Dr. Dominic Binks is the Vice-President of Technology at Audio Analytic. He has recently talked about his decision to add sound-recognition AI software to the Arm Cortex-M0+ processor. Binks explained that the ai3 software relies on AuditoryNET, which is a deep neural network made for modeling the temporal and acoustic features of sounds. He said that they wanted to grant a sense of hearing to all machines, even the tiniest ones with constrained processing and power.
For the M0+ implementation, the ai3 software called for 181kB across the ROM and RAM. This is much less than the 224kB of RAM and ROM available on the M0+-based chip by NXP that they used. Additional acceleration strategies further bring down computational demands and subsequent footprint.
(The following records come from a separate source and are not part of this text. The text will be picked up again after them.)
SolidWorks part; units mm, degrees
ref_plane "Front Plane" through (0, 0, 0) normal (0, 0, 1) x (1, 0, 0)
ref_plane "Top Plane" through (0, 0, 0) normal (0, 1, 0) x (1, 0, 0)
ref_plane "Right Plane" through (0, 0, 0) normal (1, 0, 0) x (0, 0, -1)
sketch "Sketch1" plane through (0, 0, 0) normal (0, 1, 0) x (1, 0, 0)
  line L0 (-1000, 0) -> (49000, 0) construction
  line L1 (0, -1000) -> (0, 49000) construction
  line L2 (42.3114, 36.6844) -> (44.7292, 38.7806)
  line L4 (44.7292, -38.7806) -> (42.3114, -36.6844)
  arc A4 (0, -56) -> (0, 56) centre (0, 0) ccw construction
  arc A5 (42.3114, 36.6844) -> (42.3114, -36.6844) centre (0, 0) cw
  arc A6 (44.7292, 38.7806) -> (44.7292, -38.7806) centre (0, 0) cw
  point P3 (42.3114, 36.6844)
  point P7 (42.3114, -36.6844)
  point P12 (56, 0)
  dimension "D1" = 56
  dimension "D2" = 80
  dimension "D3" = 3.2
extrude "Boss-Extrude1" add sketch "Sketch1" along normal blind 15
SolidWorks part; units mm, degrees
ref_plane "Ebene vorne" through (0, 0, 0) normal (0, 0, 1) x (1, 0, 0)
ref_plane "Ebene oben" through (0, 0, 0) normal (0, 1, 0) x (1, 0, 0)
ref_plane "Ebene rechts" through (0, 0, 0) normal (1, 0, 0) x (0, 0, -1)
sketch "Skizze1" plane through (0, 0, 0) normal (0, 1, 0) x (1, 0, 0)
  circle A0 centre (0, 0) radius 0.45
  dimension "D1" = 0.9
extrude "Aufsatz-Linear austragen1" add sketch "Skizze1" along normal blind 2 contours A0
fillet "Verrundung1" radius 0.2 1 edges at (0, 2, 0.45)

According to him, their technology was always designed to do these things. They impact data collection, labeling, model training, compression, and evaluation. Their software was also designed to be flexible when they work on very constrained devices.
Since ai3 functions as a signal-processing application, it was a no-brainer to run it on the Cortex M4. The main issues were small instruction set architecture, small RAM, and lack of floating-point support.
By using Armv6-M architecture, they had to program more tasks into the software and use labour-intensive mathematical calculations. The chips are made for devices with constrained processing needs, so it was tricky to develop and debug. They resolved these issues by using fixed-point implementation and the right chip with enough Flash and worked with the appropriate NXP evaluation board to address this issue.
Due to the scalable and flexible nature of the ai3 architecture, they did not have to change much code. They only had to optimize the existing code, which actually functioned within the limits of the platform already!